- Assigned task -
Copy each line of the records that includes "AutoCamera".

- Working data -
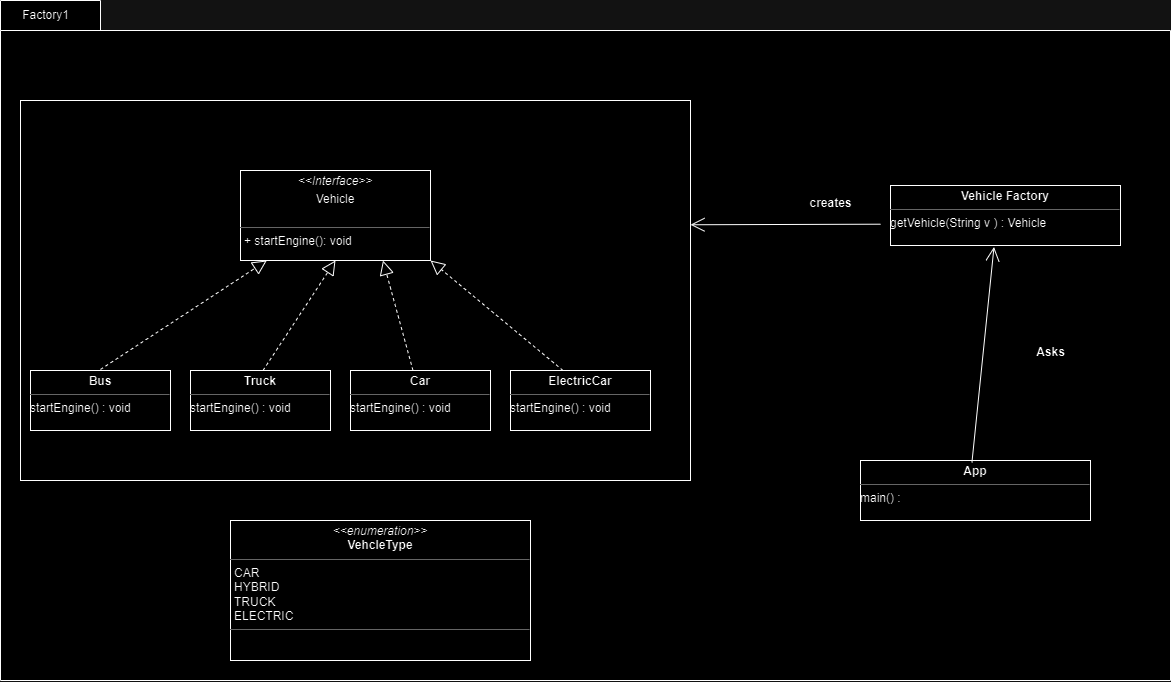

The diagram above was exported from draw.io. Its source (the exported page's mxGraphModel, read from the mxfile embedded in the PNG):
<mxGraphModel dx="2443" dy="1260" grid="1" gridSize="10" guides="1" tooltips="1" connect="1" arrows="1" fold="1" page="1" pageScale="1" pageWidth="827" pageHeight="1169" math="0" shadow="0">
  <root>
    <mxCell id="0" />
    <mxCell id="1" parent="0" />
    <mxCell id="2" value="" style="shape=folder;fontStyle=1;spacingTop=10;tabWidth=100;tabHeight=30;tabPosition=left;html=1;whiteSpace=wrap;" vertex="1" parent="1">
      <mxGeometry x="470" y="1570" width="1170" height="680" as="geometry" />
    </mxCell>
    <mxCell id="3" value="" style="html=1;whiteSpace=wrap;" vertex="1" parent="1">
      <mxGeometry x="490" y="1670" width="670" height="380" as="geometry" />
    </mxCell>
    <mxCell id="4" value="&lt;p style=&quot;margin:0px;margin-top:4px;text-align:center;&quot;&gt;&lt;i&gt;&amp;lt;&amp;lt;Interface&amp;gt;&amp;gt;&lt;/i&gt;&lt;br&gt;&lt;/p&gt;&lt;p style=&quot;margin:0px;margin-top:4px;text-align:center;&quot;&gt;Vehicle&lt;/p&gt;&lt;p style=&quot;margin:0px;margin-left:4px;&quot;&gt;&lt;br&gt;&lt;/p&gt;&lt;hr size=&quot;1&quot;&gt;&lt;p style=&quot;margin:0px;margin-left:4px;&quot;&gt;+ startEngine(): void&lt;br&gt;&lt;br&gt;&lt;/p&gt;" style="verticalAlign=top;align=left;overflow=fill;fontSize=12;fontFamily=Helvetica;html=1;whiteSpace=wrap;" vertex="1" parent="1">
      <mxGeometry x="710" y="1740" width="190" height="90" as="geometry" />
    </mxCell>
    <mxCell id="5" value="&lt;p style=&quot;margin:0px;margin-top:4px;text-align:center;&quot;&gt;&lt;b&gt;Bus&lt;/b&gt;&lt;/p&gt;&lt;hr size=&quot;1&quot;&gt;&lt;div style=&quot;height:2px;&quot;&gt;startEngine() : void&lt;/div&gt;" style="verticalAlign=top;align=left;overflow=fill;fontSize=12;fontFamily=Helvetica;html=1;whiteSpace=wrap;" vertex="1" parent="1">
      <mxGeometry x="500" y="1940" width="140" height="60" as="geometry" />
    </mxCell>
    <mxCell id="6" value="&lt;p style=&quot;margin:0px;margin-top:4px;text-align:center;&quot;&gt;&lt;b&gt;Truck&lt;/b&gt;&lt;/p&gt;&lt;hr size=&quot;1&quot;&gt;&lt;div style=&quot;height:2px;&quot;&gt;startEngine() : void&lt;/div&gt;" style="verticalAlign=top;align=left;overflow=fill;fontSize=12;fontFamily=Helvetica;html=1;whiteSpace=wrap;" vertex="1" parent="1">
      <mxGeometry x="660" y="1940" width="140" height="60" as="geometry" />
    </mxCell>
    <mxCell id="7" value="&lt;p style=&quot;margin:0px;margin-top:4px;text-align:center;&quot;&gt;&lt;b&gt;Car&lt;/b&gt;&lt;/p&gt;&lt;hr size=&quot;1&quot;&gt;&lt;div style=&quot;height:2px;&quot;&gt;startEngine() : void&lt;/div&gt;" style="verticalAlign=top;align=left;overflow=fill;fontSize=12;fontFamily=Helvetica;html=1;whiteSpace=wrap;" vertex="1" parent="1">
      <mxGeometry x="820" y="1940" width="140" height="60" as="geometry" />
    </mxCell>
    <mxCell id="8" value="&lt;p style=&quot;margin:0px;margin-top:4px;text-align:center;&quot;&gt;&lt;b&gt;ElectricCar&lt;/b&gt;&lt;/p&gt;&lt;hr size=&quot;1&quot;&gt;&lt;div style=&quot;height:2px;&quot;&gt;startEngine() : void&lt;/div&gt;" style="verticalAlign=top;align=left;overflow=fill;fontSize=12;fontFamily=Helvetica;html=1;whiteSpace=wrap;" vertex="1" parent="1">
      <mxGeometry x="980" y="1940" width="140" height="60" as="geometry" />
    </mxCell>
    <mxCell id="9" value="&lt;p style=&quot;margin:0px;margin-top:4px;text-align:center;&quot;&gt;&lt;b&gt;Vehicle Factory&lt;/b&gt;&lt;/p&gt;&lt;hr size=&quot;1&quot;&gt;&lt;div style=&quot;height:2px;&quot;&gt;getVehicle(String v ) : Vehicle&lt;/div&gt;" style="verticalAlign=top;align=left;overflow=fill;fontSize=12;fontFamily=Helvetica;html=1;whiteSpace=wrap;" vertex="1" parent="1">
      <mxGeometry x="1360" y="1755" width="230" height="60" as="geometry" />
    </mxCell>
    <mxCell id="10" value="&lt;p style=&quot;margin: 4px 0px 0px; text-align: center;&quot;&gt;&lt;b&gt;App&lt;/b&gt;&lt;/p&gt;&lt;hr size=&quot;1&quot;&gt;&lt;div style=&quot;height:2px;&quot;&gt;main() :&amp;nbsp;&lt;/div&gt;" style="verticalAlign=top;align=left;overflow=fill;fontSize=12;fontFamily=Helvetica;html=1;whiteSpace=wrap;" vertex="1" parent="1">
      <mxGeometry x="1330" y="2030" width="230" height="60" as="geometry" />
    </mxCell>
    <mxCell id="11" value="" style="endArrow=block;dashed=1;endFill=0;endSize=12;html=1;rounded=0;" edge="1" target="4" parent="1">
      <mxGeometry width="160" relative="1" as="geometry">
        <mxPoint x="570" y="1938.95" as="sourcePoint" />
        <mxPoint x="730" y="1938.95" as="targetPoint" />
      </mxGeometry>
    </mxCell>
    <mxCell id="12" value="" style="endArrow=block;dashed=1;endFill=0;endSize=12;html=1;rounded=0;entryX=0.5;entryY=1;entryDx=0;entryDy=0;" edge="1" target="4" parent="1">
      <mxGeometry width="160" relative="1" as="geometry">
        <mxPoint x="732.5" y="1940" as="sourcePoint" />
        <mxPoint x="967.5" y="1831.05" as="targetPoint" />
      </mxGeometry>
    </mxCell>
    <mxCell id="13" value="" style="endArrow=block;dashed=1;endFill=0;endSize=12;html=1;rounded=0;entryX=0.75;entryY=1;entryDx=0;entryDy=0;" edge="1" target="4" parent="1">
      <mxGeometry width="160" relative="1" as="geometry">
        <mxPoint x="882.5" y="1940" as="sourcePoint" />
        <mxPoint x="800" y="1830" as="targetPoint" />
      </mxGeometry>
    </mxCell>
    <mxCell id="14" value="" style="endArrow=block;dashed=1;endFill=0;endSize=12;html=1;rounded=0;entryX=1;entryY=1;entryDx=0;entryDy=0;" edge="1" target="4" parent="1">
      <mxGeometry width="160" relative="1" as="geometry">
        <mxPoint x="1032.5" y="1940" as="sourcePoint" />
        <mxPoint x="800" y="1830" as="targetPoint" />
      </mxGeometry>
    </mxCell>
    <mxCell id="15" value="" style="endArrow=open;endFill=1;endSize=12;html=1;rounded=0;entryX=0.45;entryY=1.024;entryDx=0;entryDy=0;entryPerimeter=0;" edge="1" target="9" parent="1">
      <mxGeometry width="160" relative="1" as="geometry">
        <mxPoint x="1441.44" y="2031.94" as="sourcePoint" />
        <mxPoint x="1310" y="2030.0000000000002" as="targetPoint" />
      </mxGeometry>
    </mxCell>
    <mxCell id="16" value="" style="endArrow=open;endFill=1;endSize=12;html=1;rounded=0;entryX=1;entryY=0.327;entryDx=0;entryDy=0;entryPerimeter=0;" edge="1" target="3" parent="1">
      <mxGeometry width="160" relative="1" as="geometry">
        <mxPoint x="1350" y="1793.7" as="sourcePoint" />
        <mxPoint x="1219" y="1792" as="targetPoint" />
      </mxGeometry>
    </mxCell>
    <mxCell id="17" value="creates" style="text;align=center;fontStyle=1;verticalAlign=middle;spacingLeft=3;spacingRight=3;strokeColor=none;rotatable=0;points=[[0,0.5],[1,0.5]];portConstraint=eastwest;html=1;" vertex="1" parent="1">
      <mxGeometry x="1260" y="1760" width="80" height="26" as="geometry" />
    </mxCell>
    <mxCell id="18" value="Asks" style="text;align=center;fontStyle=1;verticalAlign=middle;spacingLeft=3;spacingRight=3;strokeColor=none;rotatable=0;points=[[0,0.5],[1,0.5]];portConstraint=eastwest;html=1;" vertex="1" parent="1">
      <mxGeometry x="1480" y="1910" width="80" height="24" as="geometry" />
    </mxCell>
    <mxCell id="19" value="&lt;p style=&quot;margin:0px;margin-top:4px;text-align:center;&quot;&gt;&lt;i&gt;&amp;lt;&amp;lt;enumeration&amp;gt;&amp;gt;&lt;/i&gt;&lt;br&gt;&lt;b&gt;VehcleType&lt;/b&gt;&lt;/p&gt;&lt;hr size=&quot;1&quot;&gt;&lt;p style=&quot;margin:0px;margin-left:4px;&quot;&gt;CAR&lt;br&gt;HYBRID&lt;/p&gt;&lt;p style=&quot;margin:0px;margin-left:4px;&quot;&gt;TRUCK&amp;nbsp;&lt;/p&gt;&lt;p style=&quot;margin:0px;margin-left:4px;&quot;&gt;ELECTRIC&amp;nbsp;&lt;/p&gt;&lt;hr size=&quot;1&quot;&gt;&lt;p style=&quot;margin:0px;margin-left:4px;&quot;&gt;&lt;br&gt;&lt;/p&gt;" style="verticalAlign=top;align=left;overflow=fill;fontSize=12;fontFamily=Helvetica;html=1;whiteSpace=wrap;" vertex="1" parent="1">
      <mxGeometry x="700" y="2090" width="300" height="140" as="geometry" />
    </mxCell>
    <mxCell id="20" value="Factory1" style="text;html=1;align=center;verticalAlign=middle;resizable=0;points=[];autosize=1;strokeColor=none;fillColor=none;" vertex="1" parent="1">
      <mxGeometry x="480" y="1570" width="70" height="30" as="geometry" />
    </mxCell>
  </root>
</mxGraphModel>
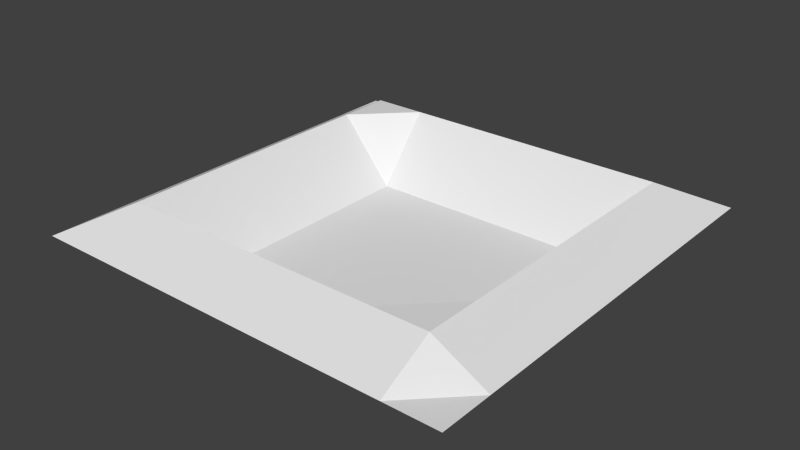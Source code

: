 # Source: mountains.blend  (saved by Blender 2.68.0; exported with 4.5.12 LTS)
import bpy
from mathutils import Matrix  # noqa: F401  (used for matrix-valued properties, if any)

bpy.ops.wm.read_factory_settings(use_empty=True)
scene = bpy.context.scene
scene.name = 'Scene'

# ---- collections
col_collection_1 = bpy.data.collections.new('Collection 1'); scene.collection.children.link(col_collection_1)

# ---- world
world_world = bpy.data.worlds.new('World'); scene.world = world_world
world_world.color = (0.05088, 0.05088, 0.05088)
world_world.use_sun_shadow = False
world_world.sun_shadow_jitter_overblur = 0.0
world_world.cycles.sampling_method = 'MANUAL'
world_world.cycles.sample_map_resolution = 256

# ---- meshes
me_plane = bpy.data.meshes.new('Plane')
me_plane.from_pydata([(105.5, -105.5, 0.0), (-105.5, -105.5, 0.0), (105.5, 105.5, 0.0), (-105.5, 105.5, 0.0), (0.0, -105.5, 0.0), (0.0, 105.5, 0.0), (105.5, 0.0, 0.0), (-105.5, 0.0, 0.0), (0.0, 0.0, -17.69), (-52.77, -105.5, 0.0), (-52.77, 105.5, 0.0), (105.5, 52.77, 0.0), (-105.5, -52.77, 0.0), (52.77, -105.5, 0.0), (52.77, 105.5, 0.0), (105.5, -52.77, 0.0), (-105.5, 52.77, 0.0), (0.0, 52.77, -17.69), (0.0, -52.77, -17.69), (-52.77, 0.0, -17.69), (52.77, 0.0, -17.69), (52.77, 52.77, -17.69), (-52.77, 52.77, -17.69), (-52.77, -52.77, -17.69), (52.77, -52.77, -17.69), (-79.15, -105.5, 0.0), (-79.15, 105.5, 0.0), (105.5, 79.15, 0.0), (-105.5, -79.15, 0.0), (79.15, -105.5, 0.0), (79.15, 105.5, 0.0), (105.5, -79.15, 0.0), (-105.5, 79.15, 0.0), (0.0, 79.15, 14.29), (0.0, -79.15, 14.29), (-79.15, 0.0, 14.29), (26.38, 0.0, -17.69), (-26.38, -105.5, 0.0), (-26.38, 105.5, 0.0), (105.5, 26.38, 0.0), (-105.5, -26.38, 0.0), (26.38, -105.5, 0.0), (26.38, 105.5, 0.0), (105.5, -26.38, 0.0), (-105.5, 26.38, 0.0), (0.0, 26.38, -17.69), (0.0, -26.38, -17.69), (-26.38, 0.0, -17.69), (79.15, 0.0, 14.29), (52.77, 79.15, 14.29), (52.77, 26.38, -17.69), (26.38, 52.77, -17.69), (79.15, 52.77, 14.29), (-52.77, 79.15, 14.29), (-52.77, 26.38, -17.69), (-79.15, 52.77, 14.29), (-26.38, 52.77, -17.69), (-52.77, -26.38, -17.69), (-52.77, -79.15, 14.29), (-79.15, -52.77, 14.29), (-26.38, -52.77, -17.69), (52.77, -26.38, -17.69), (52.77, -79.15, 14.29), (26.38, -52.77, -17.69), (79.15, -52.77, 14.29), (79.15, 79.15, 14.29), (-26.38, 79.15, 14.29), (-26.38, -26.38, -17.69), (79.15, -26.38, 14.29), (26.38, 79.15, 14.29), (26.38, 26.38, -17.69), (79.15, 26.38, 14.29), (-79.15, 79.15, 14.29), (-79.15, 26.38, 14.29), (-26.38, 26.38, -17.69), (-79.15, -26.38, 14.29), (-79.15, -79.15, 14.29), (-26.38, -79.15, 14.29), (26.38, -26.38, -17.69), (26.38, -79.15, 14.29), (79.15, -79.15, 14.29)], [], [(65, 27, 2, 30), (66, 33, 5, 38), (67, 46, 8, 47), (68, 43, 6, 48), (69, 49, 14, 42), (70, 50, 21, 51), (71, 39, 11, 52), (72, 53, 10, 26), (73, 54, 22, 55), (74, 45, 17, 56), (75, 57, 19, 35), (76, 58, 23, 59), (77, 34, 18, 60), (78, 61, 20, 36), (79, 62, 24, 63), (80, 31, 15, 64), (49, 65, 30, 14), (21, 52, 65, 49), (52, 11, 27, 65), (53, 66, 38, 10), (22, 56, 66, 53), (56, 17, 33, 66), (57, 67, 47, 19), (23, 60, 67, 57), (60, 18, 46, 67), (61, 68, 48, 20), (24, 64, 68, 61), (64, 15, 43, 68), (33, 69, 42, 5), (17, 51, 69, 33), (51, 21, 49, 69), (45, 70, 51, 17), (8, 36, 70, 45), (36, 20, 50, 70), (50, 71, 52, 21), (20, 48, 71, 50), (48, 6, 39, 71), (32, 72, 26, 3), (16, 55, 72, 32), (55, 22, 53, 72), (44, 73, 55, 16), (7, 35, 73, 44), (35, 19, 54, 73), (54, 74, 56, 22), (19, 47, 74, 54), (47, 8, 45, 74), (40, 75, 35, 7), (12, 59, 75, 40), (59, 23, 57, 75), (28, 76, 59, 12), (1, 25, 76, 28), (25, 9, 58, 76), (58, 77, 60, 23), (9, 37, 77, 58), (37, 4, 34, 77), (46, 78, 36, 8), (18, 63, 78, 46), (63, 24, 61, 78), (34, 79, 63, 18), (4, 41, 79, 34), (41, 13, 62, 79), (62, 80, 64, 24), (13, 29, 80, 62), (29, 0, 31, 80)])
me_plane.use_remesh_preserve_volume = False
me_plane.use_remesh_preserve_attributes = False
me_plane.use_mirror_vertex_groups = False
me_plane.update()

# ---- objects
ob_plane = bpy.data.objects.new('Plane', me_plane)

# ---- transforms, parenting, visibility, modifiers, constraints
ob_plane.location = (0.0, 0.0, 0.0)
ob_plane.lineart.crease_threshold = 0.0

# ---- collection membership
col_collection_1.objects.link(ob_plane)

# ---- scene / render settings (as saved in the file)
scene.frame_start = 1; scene.frame_end = 250; scene.frame_set(1)
scene.render.engine = 'BLENDER_EEVEE_NEXT'
scene.render.resolution_percentage = 50
scene.render.dither_intensity = 0.0
scene.cycles.use_denoising = False
scene.cycles.samples = 10
scene.cycles.sampling_pattern = 'TABULATED_SOBOL'
scene.cycles.light_sampling_threshold = 0.0
scene.cycles.use_adaptive_sampling = False
scene.cycles.use_light_tree = False
scene.cycles.blur_glossy = 0.0
scene.cycles.volume_bounces = 1
scene.cycles.pixel_filter_type = 'GAUSSIAN'
scene.cycles.sample_clamp_indirect = 0.0
scene.view_settings.view_transform = 'Standard'
bpy.context.view_layer.update()

# ---- added for rendering (the .blend has no active camera and no usable light): camera, sun
cam_auto = bpy.data.cameras.new('AutoCamera')
cam_auto.lens = 50.0
cam_auto.sensor_width = 36.0
cam_auto.clip_end = 4874.41
ob_auto_camera = bpy.data.objects.new('AutoCamera', cam_auto)
scene.collection.objects.link(ob_auto_camera)
ob_auto_camera.location = (277.745, -333.294, 220.496)
ob_auto_camera.rotation_euler = (1.09748, -7.21219e-08, 0.694738)
scene.camera = ob_auto_camera
light_auto_sun = bpy.data.lights.new('AutoSun', 'SUN')
light_auto_sun.energy = 3.0
light_auto_sun.angle = 0.0523599
ob_auto_sun = bpy.data.objects.new('AutoSun', light_auto_sun)
scene.collection.objects.link(ob_auto_sun)
ob_auto_sun.rotation_euler = (0.872665, 0.174533, 0.523599)
bpy.context.view_layer.update()

- Written answer -
cam_auto = bpy.data.cameras.new('AutoCamera')
ob_auto_camera = bpy.data.objects.new('AutoCamera', cam_auto)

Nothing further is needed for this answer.